The goal of this project is to define the genetic and epigenetic signature that distinguishes human primordial germ cells (PGCs) from human embryonic stem cells (hESCs) with a specific focus on trimethylation (me3) of histone H3 lysine (K) 27, and function of the Polycomb Group (PcG) proteins on PGC formation. Human ESCs are the only genetically malleable human cell-based model for examining human germ cell formation. Germ cell derivation from the epiblast requires a delicate balance involving expression of pluripotent genes (such as NANOG and OCT4), suppression of somatic genes (such as HOXB1 and BRACHYURY) and functional unipotency to exclusively form gametes. Loss of germ line unipotency results in germ cell tumorigenesis. Therefore, disruption of the balance of factors that regulate germ cell derivation results in adverse clinical outcomes. In previous work Dr. Clark has shown that derivation of human germ cells from hESCs varies between independently derived lines. Her preliminary data now reveals that this can be correlated with differences in transcription of germ cell specific genes in undifferentiated ESCs as well as differential methylation of H3K27me3 at promoters of germ cell-expressed loci. In this Project, Dr Clark will continue her research on the role of the PcG proteins and H3K27me3 in modulating PGC formation in the following specific Aims: 1) Evaluating H3K27me3 and X reactivation during PGC development in two lines of female hESCs; 2) Deciphering the genome wide localization of H3K27me3 in four lines of hESCs, and PGCs derived from hESCs, and 3) Determining the function of the PcG repressive complex (PCR2) in PGC formation in four independently derived lines of hESCs. Sharing results on germ cell formation from hESCs with Projects 1 and 3 are essential to understanding hESC potential because the ability to form germ line is simultaneously reversed to form neural and hematopoietic lineages (loss of pluripotency and activation of somatic cell transcriptional programs). Thus identification of hESC lines that are capable of both faithful germ cell formation and robust somatic cell differentiation would constitute the best developmental models and therapeutic tools for future research.

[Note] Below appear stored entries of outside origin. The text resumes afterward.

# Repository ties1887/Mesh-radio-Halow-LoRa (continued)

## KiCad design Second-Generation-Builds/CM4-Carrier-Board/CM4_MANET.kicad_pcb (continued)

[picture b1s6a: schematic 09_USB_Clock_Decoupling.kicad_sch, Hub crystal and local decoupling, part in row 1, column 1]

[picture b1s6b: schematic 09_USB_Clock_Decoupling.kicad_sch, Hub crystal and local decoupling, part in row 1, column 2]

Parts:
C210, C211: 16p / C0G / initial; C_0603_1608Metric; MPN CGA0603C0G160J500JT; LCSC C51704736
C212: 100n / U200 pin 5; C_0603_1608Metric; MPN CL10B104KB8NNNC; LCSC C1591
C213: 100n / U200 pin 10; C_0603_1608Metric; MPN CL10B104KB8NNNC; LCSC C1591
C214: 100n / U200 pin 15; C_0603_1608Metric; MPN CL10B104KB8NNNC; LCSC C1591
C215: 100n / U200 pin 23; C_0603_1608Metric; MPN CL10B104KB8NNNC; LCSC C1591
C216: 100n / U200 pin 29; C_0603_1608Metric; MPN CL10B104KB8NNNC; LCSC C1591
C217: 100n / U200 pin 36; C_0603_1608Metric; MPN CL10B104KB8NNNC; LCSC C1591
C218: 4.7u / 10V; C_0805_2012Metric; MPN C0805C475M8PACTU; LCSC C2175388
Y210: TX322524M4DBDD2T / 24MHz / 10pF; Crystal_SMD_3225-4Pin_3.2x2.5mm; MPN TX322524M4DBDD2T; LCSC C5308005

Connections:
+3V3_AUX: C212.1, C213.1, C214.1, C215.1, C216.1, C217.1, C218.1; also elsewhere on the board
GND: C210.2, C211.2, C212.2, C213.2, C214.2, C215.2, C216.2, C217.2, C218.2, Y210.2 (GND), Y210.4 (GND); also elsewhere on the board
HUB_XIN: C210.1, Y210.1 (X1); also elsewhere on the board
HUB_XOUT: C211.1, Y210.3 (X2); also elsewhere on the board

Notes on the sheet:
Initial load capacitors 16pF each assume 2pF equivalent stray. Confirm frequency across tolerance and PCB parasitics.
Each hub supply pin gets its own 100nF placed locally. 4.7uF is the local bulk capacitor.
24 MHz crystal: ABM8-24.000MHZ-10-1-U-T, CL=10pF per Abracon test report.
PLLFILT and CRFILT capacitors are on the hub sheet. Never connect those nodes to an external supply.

这个项目的目标是定义区分人类原始生物的遗传和表观遗传特征。 人类胚胎干细胞(HESCs)中的生殖细胞(PGCs)，特别是三甲基化(ME3) 组蛋白H3赖氨酸(K)27，以及多梳基(PcG)蛋白在PGC形成中的作用。人类 胚胎干细胞是检测人类生殖细胞形成的唯一具有遗传可塑性的基于人类细胞的模型。 来自外胚层的生殖细胞需要微妙的平衡，涉及多能基因的表达。 (如NANOG和OCT4)，抑制体细胞基因(如HOXB1和brachyury)和 独占形成配子的功能单性。生殖系单性丧失导致生殖细胞 肿瘤发生学。因此，调节生殖细胞衍生的因素的平衡被破坏，导致 不良的临床结果。在之前的工作中，克拉克博士已经证明了人类生殖细胞的来源 HESCS在独立衍生的线之间有所不同。她的初步数据现在显示，这可能是 与未分化胚胎干细胞中生殖细胞特异性基因转录的差异以及 生殖细胞表达基因启动子上H3K27me3的差异甲基化。在这个项目中，克拉克博士将 继续她对PcG蛋白和H3K27me3在调节PGC形成中的作用的研究 以下具体目标：1)在PGC发育过程中评估H3K27me3和X的重新激活 雌性hESCs；2)H3K27me3在hESCs和pGCs四个系中的全基因组定位 来源于hESCs，以及3)确定PcG抑制复合体(PCR2)在PGC中的功能 在四个独立衍生的hESCs系中形成。分享人类胚胎干细胞形成生殖细胞的研究结果 项目1和3对于理解hESC潜力是必不可少的，因为形成胚系的能力是 同时逆转以形成神经和造血谱系(多能性丧失和激活 体细胞转录程序)。从而鉴定出既能忠实的hESC品系 生殖细胞的形成和强劲的体细胞分化将构成最佳的发育模式。 以及用于未来研究的治疗工具。